As reported earlier, the Federal Circuit recently affirmed the PTAB’s final written decision in SAP v. Versata, No. 2014-1194 (Fed. Cir. 2015), its first final written decision in a CBM review. As part of that decision, the Court determined that it had jurisdiction to determine whether the patent at issue was a “covered business method patent” within scope of the PTAB’s authority for a CBM review under Section 18 of the American Invents Act (“AIA”), and that such review by the Court was not precluded by 35 U.S.C. § 324(e), which provides that a decision to institute a CBM review is “final and nonappealable.” In a dissenting-in-part opinion, Judge Hughes took the position that the Federal Circuit lacks jurisdiction to review the Board’s decision to institute a CBM review, which includes the Board’s determination that the challenged patent claims a “covered business method.” The dissent raises some interesting questions as to whether the majority opinion is consistent with the statute concerning institution of CBM reviews, and with the Federal Circuit’s IPR decision in In re Cuozzo, No. 2014-1301 (Fed. Cir. 2015).

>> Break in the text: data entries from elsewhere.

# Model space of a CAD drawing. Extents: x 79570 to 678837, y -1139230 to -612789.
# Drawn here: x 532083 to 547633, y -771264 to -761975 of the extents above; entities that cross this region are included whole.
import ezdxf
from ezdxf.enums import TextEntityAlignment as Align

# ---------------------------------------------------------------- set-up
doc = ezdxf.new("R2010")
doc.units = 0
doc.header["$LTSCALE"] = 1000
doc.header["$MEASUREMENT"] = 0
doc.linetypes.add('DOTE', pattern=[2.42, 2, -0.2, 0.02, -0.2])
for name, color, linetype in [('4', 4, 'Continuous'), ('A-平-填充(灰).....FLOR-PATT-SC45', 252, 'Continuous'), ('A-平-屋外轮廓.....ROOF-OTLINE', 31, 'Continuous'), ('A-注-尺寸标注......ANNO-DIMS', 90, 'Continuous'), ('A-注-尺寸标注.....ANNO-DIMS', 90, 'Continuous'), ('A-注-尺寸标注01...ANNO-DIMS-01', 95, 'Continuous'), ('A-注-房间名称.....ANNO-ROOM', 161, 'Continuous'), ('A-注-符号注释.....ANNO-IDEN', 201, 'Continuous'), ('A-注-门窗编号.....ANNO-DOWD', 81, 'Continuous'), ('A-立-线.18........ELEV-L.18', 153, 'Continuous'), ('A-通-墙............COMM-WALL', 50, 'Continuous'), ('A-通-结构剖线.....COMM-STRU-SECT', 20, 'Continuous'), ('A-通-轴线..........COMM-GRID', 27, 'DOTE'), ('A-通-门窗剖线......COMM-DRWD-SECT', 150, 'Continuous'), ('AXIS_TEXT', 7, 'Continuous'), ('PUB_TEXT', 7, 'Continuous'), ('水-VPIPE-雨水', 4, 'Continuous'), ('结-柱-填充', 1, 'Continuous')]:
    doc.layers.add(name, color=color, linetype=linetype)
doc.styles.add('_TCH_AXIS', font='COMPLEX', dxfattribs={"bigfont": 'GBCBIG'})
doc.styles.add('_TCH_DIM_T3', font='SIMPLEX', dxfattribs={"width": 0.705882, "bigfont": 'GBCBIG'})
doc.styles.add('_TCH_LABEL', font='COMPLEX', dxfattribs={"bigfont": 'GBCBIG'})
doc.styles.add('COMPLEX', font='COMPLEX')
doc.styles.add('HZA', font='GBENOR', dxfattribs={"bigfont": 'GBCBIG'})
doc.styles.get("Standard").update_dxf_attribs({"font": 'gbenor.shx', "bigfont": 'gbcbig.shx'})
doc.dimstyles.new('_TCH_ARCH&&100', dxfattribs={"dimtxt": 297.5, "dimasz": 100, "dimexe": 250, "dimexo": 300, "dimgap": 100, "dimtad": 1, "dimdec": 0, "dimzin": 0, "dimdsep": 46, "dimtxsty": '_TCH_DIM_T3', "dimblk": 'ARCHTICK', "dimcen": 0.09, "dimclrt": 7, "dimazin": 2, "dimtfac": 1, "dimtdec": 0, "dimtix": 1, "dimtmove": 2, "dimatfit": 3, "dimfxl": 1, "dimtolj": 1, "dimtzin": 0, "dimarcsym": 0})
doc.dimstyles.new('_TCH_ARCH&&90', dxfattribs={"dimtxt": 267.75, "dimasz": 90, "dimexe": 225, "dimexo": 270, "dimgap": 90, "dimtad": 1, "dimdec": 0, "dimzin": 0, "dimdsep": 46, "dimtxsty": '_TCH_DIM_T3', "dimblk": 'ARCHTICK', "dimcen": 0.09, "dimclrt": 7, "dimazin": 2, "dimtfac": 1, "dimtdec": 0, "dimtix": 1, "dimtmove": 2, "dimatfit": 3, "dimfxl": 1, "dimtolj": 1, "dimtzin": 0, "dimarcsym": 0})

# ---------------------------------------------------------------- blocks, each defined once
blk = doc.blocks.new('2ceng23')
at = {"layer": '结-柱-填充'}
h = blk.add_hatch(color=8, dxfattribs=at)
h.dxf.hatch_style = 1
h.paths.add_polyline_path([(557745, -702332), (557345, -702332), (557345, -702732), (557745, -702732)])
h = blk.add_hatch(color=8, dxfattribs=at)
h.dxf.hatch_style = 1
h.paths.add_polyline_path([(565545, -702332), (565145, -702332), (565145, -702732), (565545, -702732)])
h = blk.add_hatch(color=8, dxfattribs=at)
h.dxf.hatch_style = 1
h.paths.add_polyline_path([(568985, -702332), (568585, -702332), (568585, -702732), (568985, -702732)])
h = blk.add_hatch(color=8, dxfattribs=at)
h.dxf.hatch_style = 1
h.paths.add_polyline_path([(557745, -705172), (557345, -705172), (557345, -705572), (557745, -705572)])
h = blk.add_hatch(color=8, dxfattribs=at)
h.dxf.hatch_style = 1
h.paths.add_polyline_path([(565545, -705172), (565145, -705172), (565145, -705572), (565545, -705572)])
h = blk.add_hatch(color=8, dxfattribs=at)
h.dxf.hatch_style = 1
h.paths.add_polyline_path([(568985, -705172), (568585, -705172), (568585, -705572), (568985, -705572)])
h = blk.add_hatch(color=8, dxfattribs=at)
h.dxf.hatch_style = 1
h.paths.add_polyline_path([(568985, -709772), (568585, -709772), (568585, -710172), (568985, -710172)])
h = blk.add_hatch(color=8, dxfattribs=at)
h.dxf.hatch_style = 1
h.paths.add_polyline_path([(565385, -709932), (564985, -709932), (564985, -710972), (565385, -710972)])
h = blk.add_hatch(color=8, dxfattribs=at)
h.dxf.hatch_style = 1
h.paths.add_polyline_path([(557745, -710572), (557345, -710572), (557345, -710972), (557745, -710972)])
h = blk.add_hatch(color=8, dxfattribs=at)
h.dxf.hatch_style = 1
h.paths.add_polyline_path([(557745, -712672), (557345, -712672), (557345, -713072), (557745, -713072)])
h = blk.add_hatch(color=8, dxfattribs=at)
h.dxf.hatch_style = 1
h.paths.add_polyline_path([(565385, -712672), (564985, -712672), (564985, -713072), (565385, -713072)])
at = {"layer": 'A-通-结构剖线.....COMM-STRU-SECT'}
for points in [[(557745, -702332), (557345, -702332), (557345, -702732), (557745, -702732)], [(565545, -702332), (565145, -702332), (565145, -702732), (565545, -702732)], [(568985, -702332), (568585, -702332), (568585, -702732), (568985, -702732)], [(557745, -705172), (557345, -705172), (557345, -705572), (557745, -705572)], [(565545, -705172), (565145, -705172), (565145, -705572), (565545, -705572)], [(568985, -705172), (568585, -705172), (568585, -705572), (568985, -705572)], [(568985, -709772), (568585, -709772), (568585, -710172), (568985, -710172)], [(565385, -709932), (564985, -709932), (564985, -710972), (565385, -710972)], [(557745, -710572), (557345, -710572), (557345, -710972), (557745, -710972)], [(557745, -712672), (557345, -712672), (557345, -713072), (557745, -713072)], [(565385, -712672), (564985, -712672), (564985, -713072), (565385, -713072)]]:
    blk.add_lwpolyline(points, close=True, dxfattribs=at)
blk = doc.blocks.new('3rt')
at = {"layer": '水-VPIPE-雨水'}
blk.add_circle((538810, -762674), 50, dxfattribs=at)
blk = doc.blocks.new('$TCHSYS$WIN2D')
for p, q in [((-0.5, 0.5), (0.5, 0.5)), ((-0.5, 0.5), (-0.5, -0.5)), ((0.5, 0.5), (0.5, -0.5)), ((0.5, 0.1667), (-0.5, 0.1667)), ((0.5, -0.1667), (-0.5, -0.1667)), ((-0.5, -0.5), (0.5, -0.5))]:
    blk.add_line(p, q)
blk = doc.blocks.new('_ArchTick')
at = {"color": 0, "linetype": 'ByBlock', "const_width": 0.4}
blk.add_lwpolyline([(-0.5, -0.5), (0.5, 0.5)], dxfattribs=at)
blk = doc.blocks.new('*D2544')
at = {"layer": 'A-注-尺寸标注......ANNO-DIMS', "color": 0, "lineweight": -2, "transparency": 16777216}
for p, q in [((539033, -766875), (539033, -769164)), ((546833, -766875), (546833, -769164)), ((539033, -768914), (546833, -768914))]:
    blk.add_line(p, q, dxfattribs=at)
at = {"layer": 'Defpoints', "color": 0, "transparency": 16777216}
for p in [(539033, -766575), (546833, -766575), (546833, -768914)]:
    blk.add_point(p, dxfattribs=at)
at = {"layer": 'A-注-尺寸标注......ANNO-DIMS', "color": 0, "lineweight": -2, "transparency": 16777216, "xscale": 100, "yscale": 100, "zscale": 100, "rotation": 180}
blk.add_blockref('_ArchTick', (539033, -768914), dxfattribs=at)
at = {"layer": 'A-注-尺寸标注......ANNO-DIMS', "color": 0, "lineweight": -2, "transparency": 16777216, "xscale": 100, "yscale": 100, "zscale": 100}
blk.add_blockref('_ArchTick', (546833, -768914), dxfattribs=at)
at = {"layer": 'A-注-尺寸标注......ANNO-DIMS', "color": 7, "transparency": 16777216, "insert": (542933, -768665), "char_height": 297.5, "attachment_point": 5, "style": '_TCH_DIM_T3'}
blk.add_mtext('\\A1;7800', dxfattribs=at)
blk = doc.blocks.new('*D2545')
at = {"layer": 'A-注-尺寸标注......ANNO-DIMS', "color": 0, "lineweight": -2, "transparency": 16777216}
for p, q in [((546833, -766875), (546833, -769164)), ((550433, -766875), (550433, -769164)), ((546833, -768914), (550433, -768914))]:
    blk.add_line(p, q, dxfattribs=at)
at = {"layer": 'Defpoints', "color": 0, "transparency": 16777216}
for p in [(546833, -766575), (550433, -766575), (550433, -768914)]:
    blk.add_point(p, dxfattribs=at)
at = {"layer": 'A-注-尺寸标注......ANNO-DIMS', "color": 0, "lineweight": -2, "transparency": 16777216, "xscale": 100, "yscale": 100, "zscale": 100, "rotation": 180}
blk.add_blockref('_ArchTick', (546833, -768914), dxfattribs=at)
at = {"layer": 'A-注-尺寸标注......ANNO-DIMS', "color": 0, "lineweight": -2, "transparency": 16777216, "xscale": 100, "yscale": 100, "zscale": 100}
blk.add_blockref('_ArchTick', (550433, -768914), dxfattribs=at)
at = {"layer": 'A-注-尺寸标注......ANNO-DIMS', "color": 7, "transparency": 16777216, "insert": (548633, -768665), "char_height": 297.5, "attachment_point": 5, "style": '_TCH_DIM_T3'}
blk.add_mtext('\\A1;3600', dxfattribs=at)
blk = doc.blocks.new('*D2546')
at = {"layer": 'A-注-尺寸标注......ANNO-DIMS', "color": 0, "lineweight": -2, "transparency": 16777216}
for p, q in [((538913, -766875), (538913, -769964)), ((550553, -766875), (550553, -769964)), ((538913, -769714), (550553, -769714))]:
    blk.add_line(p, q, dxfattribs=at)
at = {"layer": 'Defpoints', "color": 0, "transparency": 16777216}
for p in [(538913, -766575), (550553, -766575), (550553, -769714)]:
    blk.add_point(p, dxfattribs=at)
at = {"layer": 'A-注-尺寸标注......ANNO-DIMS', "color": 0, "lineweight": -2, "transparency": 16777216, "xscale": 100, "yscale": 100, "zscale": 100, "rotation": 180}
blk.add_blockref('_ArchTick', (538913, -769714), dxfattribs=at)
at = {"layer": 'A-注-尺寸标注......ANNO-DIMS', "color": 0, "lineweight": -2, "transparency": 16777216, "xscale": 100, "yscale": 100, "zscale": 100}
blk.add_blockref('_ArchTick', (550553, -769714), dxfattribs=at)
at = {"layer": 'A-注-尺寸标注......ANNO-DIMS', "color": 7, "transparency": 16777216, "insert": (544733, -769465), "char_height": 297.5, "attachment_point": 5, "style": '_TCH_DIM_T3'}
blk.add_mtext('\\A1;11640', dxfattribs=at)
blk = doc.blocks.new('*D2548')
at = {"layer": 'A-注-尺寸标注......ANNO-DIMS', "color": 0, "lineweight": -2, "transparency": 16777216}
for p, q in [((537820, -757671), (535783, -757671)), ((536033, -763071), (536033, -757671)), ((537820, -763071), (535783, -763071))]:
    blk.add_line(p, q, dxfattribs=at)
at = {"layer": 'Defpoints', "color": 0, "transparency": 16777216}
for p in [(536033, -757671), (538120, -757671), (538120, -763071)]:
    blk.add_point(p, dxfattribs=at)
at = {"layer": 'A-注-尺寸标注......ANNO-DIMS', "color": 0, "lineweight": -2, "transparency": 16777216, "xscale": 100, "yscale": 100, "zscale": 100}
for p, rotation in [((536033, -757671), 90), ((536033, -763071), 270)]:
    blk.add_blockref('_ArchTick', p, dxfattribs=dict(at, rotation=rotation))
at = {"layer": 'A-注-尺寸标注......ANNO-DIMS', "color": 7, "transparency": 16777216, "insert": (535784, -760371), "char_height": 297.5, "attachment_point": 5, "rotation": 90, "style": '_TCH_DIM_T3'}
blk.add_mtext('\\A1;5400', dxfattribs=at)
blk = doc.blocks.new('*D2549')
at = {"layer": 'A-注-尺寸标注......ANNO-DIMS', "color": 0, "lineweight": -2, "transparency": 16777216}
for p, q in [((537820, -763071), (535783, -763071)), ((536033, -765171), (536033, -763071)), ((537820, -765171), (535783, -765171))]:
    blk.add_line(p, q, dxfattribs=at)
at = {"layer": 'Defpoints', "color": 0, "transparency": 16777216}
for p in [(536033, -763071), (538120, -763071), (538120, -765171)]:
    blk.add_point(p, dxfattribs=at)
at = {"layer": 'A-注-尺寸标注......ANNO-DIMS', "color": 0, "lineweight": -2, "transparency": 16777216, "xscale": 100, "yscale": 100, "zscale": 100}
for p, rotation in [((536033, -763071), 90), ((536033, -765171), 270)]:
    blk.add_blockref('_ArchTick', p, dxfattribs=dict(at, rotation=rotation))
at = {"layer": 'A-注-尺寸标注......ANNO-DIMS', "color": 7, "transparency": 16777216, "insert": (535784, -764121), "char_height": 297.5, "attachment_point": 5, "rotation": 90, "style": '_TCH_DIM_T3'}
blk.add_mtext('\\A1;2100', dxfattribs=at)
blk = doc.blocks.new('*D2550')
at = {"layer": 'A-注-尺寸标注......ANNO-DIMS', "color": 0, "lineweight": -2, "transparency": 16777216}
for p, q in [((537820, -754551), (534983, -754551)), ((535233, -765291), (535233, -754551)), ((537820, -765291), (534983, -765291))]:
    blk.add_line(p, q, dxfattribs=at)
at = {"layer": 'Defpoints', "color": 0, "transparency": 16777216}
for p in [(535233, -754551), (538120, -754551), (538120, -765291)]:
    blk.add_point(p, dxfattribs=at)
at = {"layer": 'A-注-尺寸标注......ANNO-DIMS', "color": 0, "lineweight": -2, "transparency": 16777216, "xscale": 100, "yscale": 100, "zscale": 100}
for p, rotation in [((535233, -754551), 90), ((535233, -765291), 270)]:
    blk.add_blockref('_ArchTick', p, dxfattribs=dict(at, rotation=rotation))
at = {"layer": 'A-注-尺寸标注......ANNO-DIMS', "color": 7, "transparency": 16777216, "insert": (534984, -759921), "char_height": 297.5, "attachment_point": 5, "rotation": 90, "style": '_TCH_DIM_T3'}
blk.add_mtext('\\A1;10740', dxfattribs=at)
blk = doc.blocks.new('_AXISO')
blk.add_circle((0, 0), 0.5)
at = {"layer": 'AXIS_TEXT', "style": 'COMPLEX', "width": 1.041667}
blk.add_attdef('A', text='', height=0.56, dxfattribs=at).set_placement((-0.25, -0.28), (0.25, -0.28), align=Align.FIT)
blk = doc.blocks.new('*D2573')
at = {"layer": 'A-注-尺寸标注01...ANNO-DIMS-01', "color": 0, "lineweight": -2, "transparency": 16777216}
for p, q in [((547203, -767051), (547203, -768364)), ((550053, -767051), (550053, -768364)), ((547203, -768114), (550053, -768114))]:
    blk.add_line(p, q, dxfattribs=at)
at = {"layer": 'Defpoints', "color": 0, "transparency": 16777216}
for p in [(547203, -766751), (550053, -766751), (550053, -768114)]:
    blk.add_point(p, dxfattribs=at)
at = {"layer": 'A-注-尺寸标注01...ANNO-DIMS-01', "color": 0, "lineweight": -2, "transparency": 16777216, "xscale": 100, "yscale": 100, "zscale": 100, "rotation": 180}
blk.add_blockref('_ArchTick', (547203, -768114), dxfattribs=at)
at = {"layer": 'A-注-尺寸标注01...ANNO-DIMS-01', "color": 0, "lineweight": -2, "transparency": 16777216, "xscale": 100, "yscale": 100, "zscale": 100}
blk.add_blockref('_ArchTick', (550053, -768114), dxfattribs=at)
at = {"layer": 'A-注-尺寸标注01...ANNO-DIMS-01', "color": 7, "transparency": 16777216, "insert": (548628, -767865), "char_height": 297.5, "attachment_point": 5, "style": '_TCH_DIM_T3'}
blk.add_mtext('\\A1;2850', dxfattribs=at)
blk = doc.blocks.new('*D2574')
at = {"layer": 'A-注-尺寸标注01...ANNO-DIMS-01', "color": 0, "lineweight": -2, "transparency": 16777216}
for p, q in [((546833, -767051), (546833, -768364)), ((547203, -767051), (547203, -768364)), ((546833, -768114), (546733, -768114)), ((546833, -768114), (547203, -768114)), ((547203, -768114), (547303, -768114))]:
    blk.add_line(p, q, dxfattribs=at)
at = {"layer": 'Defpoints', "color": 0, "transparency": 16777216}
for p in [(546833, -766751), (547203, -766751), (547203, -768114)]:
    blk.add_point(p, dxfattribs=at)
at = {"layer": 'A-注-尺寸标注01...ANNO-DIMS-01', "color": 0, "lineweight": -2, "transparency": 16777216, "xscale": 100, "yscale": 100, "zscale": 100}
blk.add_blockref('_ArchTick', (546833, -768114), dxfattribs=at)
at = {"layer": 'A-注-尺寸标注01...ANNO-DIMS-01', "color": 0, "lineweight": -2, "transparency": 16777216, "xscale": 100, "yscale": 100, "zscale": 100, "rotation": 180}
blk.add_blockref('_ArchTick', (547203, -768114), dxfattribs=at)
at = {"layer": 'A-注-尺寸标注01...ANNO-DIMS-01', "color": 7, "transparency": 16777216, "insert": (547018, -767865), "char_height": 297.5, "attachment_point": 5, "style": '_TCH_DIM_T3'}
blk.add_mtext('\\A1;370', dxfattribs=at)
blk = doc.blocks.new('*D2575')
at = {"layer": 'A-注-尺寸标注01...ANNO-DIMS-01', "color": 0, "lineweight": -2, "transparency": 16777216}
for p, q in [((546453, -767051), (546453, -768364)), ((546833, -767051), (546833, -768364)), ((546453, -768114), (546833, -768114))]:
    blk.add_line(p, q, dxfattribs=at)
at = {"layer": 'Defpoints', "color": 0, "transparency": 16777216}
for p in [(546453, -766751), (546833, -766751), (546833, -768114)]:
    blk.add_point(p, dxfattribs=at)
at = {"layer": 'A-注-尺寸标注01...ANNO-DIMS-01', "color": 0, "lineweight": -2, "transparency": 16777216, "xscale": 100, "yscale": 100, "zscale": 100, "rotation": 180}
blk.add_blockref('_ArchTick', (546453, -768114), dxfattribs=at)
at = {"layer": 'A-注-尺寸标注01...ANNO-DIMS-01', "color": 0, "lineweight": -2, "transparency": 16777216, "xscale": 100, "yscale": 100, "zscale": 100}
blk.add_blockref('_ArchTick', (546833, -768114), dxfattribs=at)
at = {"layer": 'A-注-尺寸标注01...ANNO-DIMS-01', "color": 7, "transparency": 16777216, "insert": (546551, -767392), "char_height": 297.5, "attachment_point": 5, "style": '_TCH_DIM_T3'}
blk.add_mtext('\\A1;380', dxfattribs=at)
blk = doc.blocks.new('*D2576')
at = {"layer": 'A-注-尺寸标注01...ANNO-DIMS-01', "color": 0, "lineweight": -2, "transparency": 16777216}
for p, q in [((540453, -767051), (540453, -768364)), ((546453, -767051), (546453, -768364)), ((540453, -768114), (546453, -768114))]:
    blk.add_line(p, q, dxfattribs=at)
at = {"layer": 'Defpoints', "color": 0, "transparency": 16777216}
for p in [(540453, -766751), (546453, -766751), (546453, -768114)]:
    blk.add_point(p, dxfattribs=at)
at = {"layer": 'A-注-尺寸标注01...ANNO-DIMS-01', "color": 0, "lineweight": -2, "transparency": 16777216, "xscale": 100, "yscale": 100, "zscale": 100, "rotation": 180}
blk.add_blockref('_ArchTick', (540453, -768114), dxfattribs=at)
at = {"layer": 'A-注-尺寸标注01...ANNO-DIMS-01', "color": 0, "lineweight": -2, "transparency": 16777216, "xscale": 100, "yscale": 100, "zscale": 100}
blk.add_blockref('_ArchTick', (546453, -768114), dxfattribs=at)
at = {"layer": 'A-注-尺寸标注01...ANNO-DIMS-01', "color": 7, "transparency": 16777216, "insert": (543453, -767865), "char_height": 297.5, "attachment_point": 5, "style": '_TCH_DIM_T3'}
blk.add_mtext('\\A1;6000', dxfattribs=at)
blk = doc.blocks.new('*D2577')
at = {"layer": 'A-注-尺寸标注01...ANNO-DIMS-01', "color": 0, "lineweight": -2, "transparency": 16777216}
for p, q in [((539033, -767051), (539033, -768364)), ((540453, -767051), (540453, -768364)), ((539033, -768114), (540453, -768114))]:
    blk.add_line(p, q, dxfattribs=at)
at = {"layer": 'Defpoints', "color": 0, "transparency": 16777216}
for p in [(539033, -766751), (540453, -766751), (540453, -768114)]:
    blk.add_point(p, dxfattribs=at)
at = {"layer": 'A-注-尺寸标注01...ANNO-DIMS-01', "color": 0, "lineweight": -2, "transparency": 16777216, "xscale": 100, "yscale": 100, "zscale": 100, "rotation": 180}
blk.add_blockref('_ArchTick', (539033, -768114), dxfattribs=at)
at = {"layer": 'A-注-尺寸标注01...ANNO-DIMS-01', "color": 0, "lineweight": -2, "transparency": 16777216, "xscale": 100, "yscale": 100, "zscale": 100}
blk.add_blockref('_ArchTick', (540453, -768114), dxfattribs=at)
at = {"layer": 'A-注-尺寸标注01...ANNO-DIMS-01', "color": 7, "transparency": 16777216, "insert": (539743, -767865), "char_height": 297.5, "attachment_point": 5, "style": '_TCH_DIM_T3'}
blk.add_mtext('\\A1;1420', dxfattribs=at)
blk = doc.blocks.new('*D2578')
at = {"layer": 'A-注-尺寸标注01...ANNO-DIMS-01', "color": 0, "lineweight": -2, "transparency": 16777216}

As pointed out by the dissent, § 324(e) of the patent statute (which address institution of both post-grant review and CBM proceedings) provides that the Board’s decision “to institute a post-grant review under this section shall be final and nonappealable.” 35 U.S.C. § 324(e) (emphasis added). Because the determination of whether a challenged patent claims a “covered business method” is made as part of the Board’s institution decision, not the final written decision, according to the dissent § 324(e) precludes review of that decision.
The analogous statutory section addressing institution of IPRs similarly provides that the Board’s decision to institute “shall be final and nonappealable,” 35 U.S.C. § 314(d), and the Federal Circuit in In re Cuozzo interpreted this provision to “bar review of all institution decisions, even after the Board issues a final decision.” According to the dissent, the majority opinion in Versata, permitting review of whether the challenged patent was CBM-eligible, directly conflicts with In re Cuozzo.
Despite the dissent’s view that § 324(e) precludes judicial review of the institution decision, the dissent stated that in the event an agency “plainly violates an unambiguous statutory mandate,” the Court would be permitted to review such a decision, even if the statute bars judicial review. The dissent then effectively did review the Board’s decision, concluding that the Board “reasonably interpreted” its statutory authority and “properly applied its interpretation to Versata’s patent,” such that the Board’s decision did not give rise to an exception that would permit review under such circumstances.
According to the majority, its decision is not inconsistent with either § 324(e) or In re Cuozzo, because the Court has authority as part of a review of a CBM final written decision, to determine whether the PTAB exceeded statutory limits on its authority for CBM reviews as provided by § 18 of the AIA.